Why GitHub for Storage?

Versioned PDF storage — immutable once uploaded, human-readable paths
Review archival — every chat transcript committed as markdown, browsable in the repo
Issue tracking — Claude flags classification workflow patterns worth improving; the system files GitHub issues automatically, closing the feedback loop

The alternative (S3 + issue tracker + archival system) is three services. GitHub is one.

The Anthropic Files API

Instead of sending the PDF inline with every message, I use Anthropic’s Files API: upload once, get a file_id, reference it on every subsequent call.
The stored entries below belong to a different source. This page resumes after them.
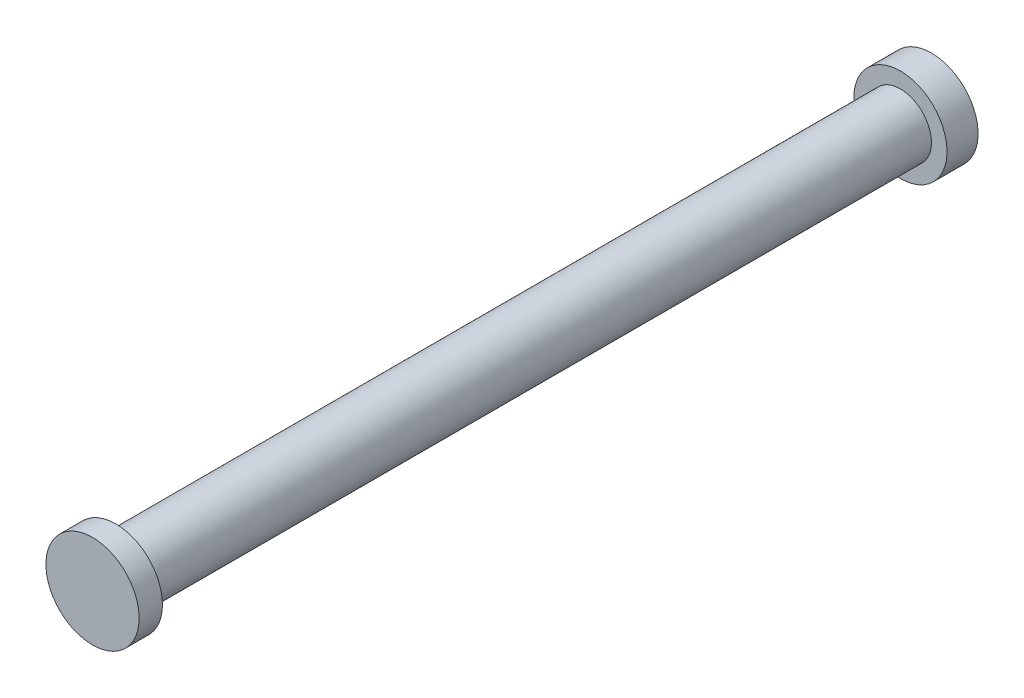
ISO-10303-21;
HEADER;
FILE_DESCRIPTION(('STEP AP214'),'2;1');
FILE_NAME('part.step','',(''),(''),'','','');
FILE_SCHEMA(('AUTOMOTIVE_DESIGN { 1 0 10303 214 1 1 1 1 }'));
ENDSEC;
DATA;
#1=APPLICATION_CONTEXT('core data for automotive mechanical design processes');
#2=APPLICATION_PROTOCOL_DEFINITION('international standard','automotive_design',2000,#1);
#3=PRODUCT_CONTEXT('',#1,'mechanical');
#4=PRODUCT('Part','Part','',(#3));
#5=PRODUCT_RELATED_PRODUCT_CATEGORY('part','',(#4));
#6=PRODUCT_DEFINITION_FORMATION('','',#4);
#7=PRODUCT_DEFINITION_CONTEXT('part definition',#1,'design');
#8=PRODUCT_DEFINITION('design','',#6,#7);
#9=PRODUCT_DEFINITION_SHAPE('','',#8);
#10=(LENGTH_UNIT() NAMED_UNIT(*) SI_UNIT(.MILLI.,.METRE.));
#11=(NAMED_UNIT(*) PLANE_ANGLE_UNIT() SI_UNIT($,.RADIAN.));
#12=(NAMED_UNIT(*) SI_UNIT($,.STERADIAN.) SOLID_ANGLE_UNIT());
#13=UNCERTAINTY_MEASURE_WITH_UNIT(LENGTH_MEASURE(1.E-05),#10,'distance_accuracy_value','');
#14=(GEOMETRIC_REPRESENTATION_CONTEXT(3) GLOBAL_UNCERTAINTY_ASSIGNED_CONTEXT((#13)) GLOBAL_UNIT_ASSIGNED_CONTEXT((#10,
#11,#12)) REPRESENTATION_CONTEXT('',''));
#15=CARTESIAN_POINT('',(0.,0.,0.));
#16=DIRECTION('',(0.,0.,1.));
#17=DIRECTION('',(1.,0.,0.));
#18=AXIS2_PLACEMENT_3D('',#15,#16,#17);
#19=CARTESIAN_POINT('',(0.,0.,3.));
#20=DIRECTION('',(0.,0.,-1.));
#21=DIRECTION('',(-1.,0.,0.));
#22=AXIS2_PLACEMENT_3D('',#19,#20,#21);
#23=CYLINDRICAL_SURFACE('',#22,6.);
#24=CARTESIAN_POINT('',(0.,0.,3.));
#25=DIRECTION('',(0.,0.,1.));
#26=DIRECTION('',(1.,0.,0.));
#27=AXIS2_PLACEMENT_3D('',#24,#25,#26);
#28=CIRCLE('',#27,6.);
#29=CARTESIAN_POINT('',(6.,0.,3.));
#30=VERTEX_POINT('',#29);
#31=EDGE_CURVE('E45',#30,#30,#28,.T.);
#32=ORIENTED_EDGE('',*,*,#31,.F.);
#33=EDGE_LOOP('',(#32));
#34=FACE_BOUND('',#33,.T.);
#35=CARTESIAN_POINT('',(0.,0.,0.));
#36=DIRECTION('',(0.,0.,1.));
#37=DIRECTION('',(1.,0.,0.));
#38=AXIS2_PLACEMENT_3D('',#35,#36,#37);
#39=CIRCLE('',#38,6.);
#40=CARTESIAN_POINT('',(6.,0.,0.));
#41=VERTEX_POINT('',#40);
#42=EDGE_CURVE('E40',#41,#41,#39,.T.);
#43=ORIENTED_EDGE('',*,*,#42,.T.);
#44=EDGE_LOOP('',(#43));
#45=FACE_BOUND('',#44,.T.);
#46=ADVANCED_FACE('F37',(#34,#45),#23,.T.);
#47=CARTESIAN_POINT('',(0.,0.,3.));
#48=DIRECTION('',(0.,0.,1.));
#49=DIRECTION('',(1.,0.,0.));
#50=AXIS2_PLACEMENT_3D('',#47,#48,#49);
#51=PLANE('',#50);
#52=ORIENTED_EDGE('',*,*,#31,.T.);
#53=EDGE_LOOP('',(#52));
#54=FACE_BOUND('',#53,.T.);
#55=ADVANCED_FACE('F83',(#54),#51,.T.);
#56=CARTESIAN_POINT('',(0.,0.,0.));
#57=DIRECTION('',(0.,0.,1.));
#58=DIRECTION('',(1.,0.,0.));
#59=AXIS2_PLACEMENT_3D('',#56,#57,#58);
#60=PLANE('',#59);
#61=CARTESIAN_POINT('',(0.,0.,0.));
#62=DIRECTION('',(0.,0.,-1.));
#63=DIRECTION('',(-1.,0.,0.));
#64=AXIS2_PLACEMENT_3D('',#61,#62,#63);
#65=CIRCLE('',#64,4.);
#66=CARTESIAN_POINT('',(-4.,0.,0.));
#67=VERTEX_POINT('',#66);
#68=EDGE_CURVE('E10',#67,#67,#65,.T.);
#69=ORIENTED_EDGE('',*,*,#68,.F.);
#70=EDGE_LOOP('',(#69));
#71=FACE_BOUND('',#70,.T.);
#72=ORIENTED_EDGE('',*,*,#42,.F.);
#73=EDGE_LOOP('',(#72));
#74=FACE_BOUND('',#73,.T.);
#75=ADVANCED_FACE('F88',(#71,#74),#60,.F.);
#76=CARTESIAN_POINT('',(0.,0.,-101.));
#77=DIRECTION('',(0.,0.,1.));
#78=DIRECTION('',(1.,0.,0.));
#79=AXIS2_PLACEMENT_3D('',#76,#77,#78);
#80=CYLINDRICAL_SURFACE('',#79,4.);
#81=CARTESIAN_POINT('',(0.,0.,-101.));
#82=DIRECTION('',(0.,0.,-1.));
#83=DIRECTION('',(-1.,0.,0.));
#84=AXIS2_PLACEMENT_3D('',#81,#82,#83);
#85=CIRCLE('',#84,4.);
#86=CARTESIAN_POINT('',(-4.,0.,-101.));
#87=VERTEX_POINT('',#86);
#88=EDGE_CURVE('E52',#87,#87,#85,.T.);
#89=ORIENTED_EDGE('',*,*,#88,.F.);
#90=EDGE_LOOP('',(#89));
#91=FACE_BOUND('',#90,.T.);
#92=ORIENTED_EDGE('',*,*,#68,.T.);
#93=EDGE_LOOP('',(#92));
#94=FACE_BOUND('',#93,.T.);
#95=ADVANCED_FACE('F70',(#91,#94),#80,.T.);
#96=CARTESIAN_POINT('',(0.,0.,-105.));
#97=DIRECTION('',(0.,0.,1.));
#98=DIRECTION('',(1.,0.,0.));
#99=AXIS2_PLACEMENT_3D('',#96,#97,#98);
#100=CYLINDRICAL_SURFACE('',#99,6.);
#101=CARTESIAN_POINT('',(0.,0.,-105.));
#102=DIRECTION('',(0.,0.,-1.));
#103=DIRECTION('',(-1.,0.,0.));
#104=AXIS2_PLACEMENT_3D('',#101,#102,#103);
#105=CIRCLE('',#104,6.);
#106=CARTESIAN_POINT('',(-6.,0.,-105.));
#107=VERTEX_POINT('',#106);
#108=EDGE_CURVE('E56',#107,#107,#105,.T.);
#109=ORIENTED_EDGE('',*,*,#108,.F.);
#110=EDGE_LOOP('',(#109));
#111=FACE_BOUND('',#110,.T.);
#112=CARTESIAN_POINT('',(0.,0.,-101.));
#113=DIRECTION('',(0.,0.,-1.));
#114=DIRECTION('',(-1.,0.,0.));
#115=AXIS2_PLACEMENT_3D('',#112,#113,#114);
#116=CIRCLE('',#115,6.);
#117=CARTESIAN_POINT('',(-6.,0.,-101.));
#118=VERTEX_POINT('',#117);
#119=EDGE_CURVE('E57',#118,#118,#116,.T.);
#120=ORIENTED_EDGE('',*,*,#119,.T.);
#121=EDGE_LOOP('',(#120));
#122=FACE_BOUND('',#121,.T.);
#123=ADVANCED_FACE('F67',(#111,#122),#100,.T.);
#124=CARTESIAN_POINT('',(0.,0.,-105.));
#125=DIRECTION('',(0.,0.,-1.));
#126=DIRECTION('',(-1.,0.,0.));
#127=AXIS2_PLACEMENT_3D('',#124,#125,#126);
#128=PLANE('',#127);
#129=ORIENTED_EDGE('',*,*,#108,.T.);
#130=EDGE_LOOP('',(#129));
#131=FACE_BOUND('',#130,.T.);
#132=ADVANCED_FACE('F65',(#131),#128,.T.);
#133=CARTESIAN_POINT('',(0.,0.,-101.));
#134=DIRECTION('',(0.,0.,-1.));
#135=DIRECTION('',(-1.,0.,0.));
#136=AXIS2_PLACEMENT_3D('',#133,#134,#135);
#137=PLANE('',#136);
#138=ORIENTED_EDGE('',*,*,#88,.T.);
#139=EDGE_LOOP('',(#138));
#140=FACE_BOUND('',#139,.T.);
#141=ORIENTED_EDGE('',*,*,#119,.F.);
#142=EDGE_LOOP('',(#141));
#143=FACE_BOUND('',#142,.T.);
#144=ADVANCED_FACE('F74',(#140,#143),#137,.F.);
#145=CLOSED_SHELL('',(#46,#55,#75,#95,#123,#132,#144));
#146=MANIFOLD_SOLID_BREP('B2',#145);
#147=ADVANCED_BREP_SHAPE_REPRESENTATION('',(#18,#146),#14);
#148=SHAPE_DEFINITION_REPRESENTATION(#9,#147);
ENDSEC;
END-ISO-10303-21;

Sending an 8 MB paper with every turn in a long session would be slow and wasteful.

Caching strategy:

Check publications table for a stored anthropic_file_id
Try to use it — 404 means expired
On expiry, re-fetch from GitHub, re-upload, update cached ID

First message after expiry is slightly slower. Everything after is fast.

What I’d Do Differently

Feedback loop is still manual. Claude flags improvements and the system files issues, but someone has to read them and update the prompt. A scheduled job that aggregates, clusters, and drafts prompt changes for human review would close the loop properly.

GitHub PDF storage doesn’t scale. S3 with proper access controls is more robust. GitHub’s API has rate limits and isn’t designed for large binary storage.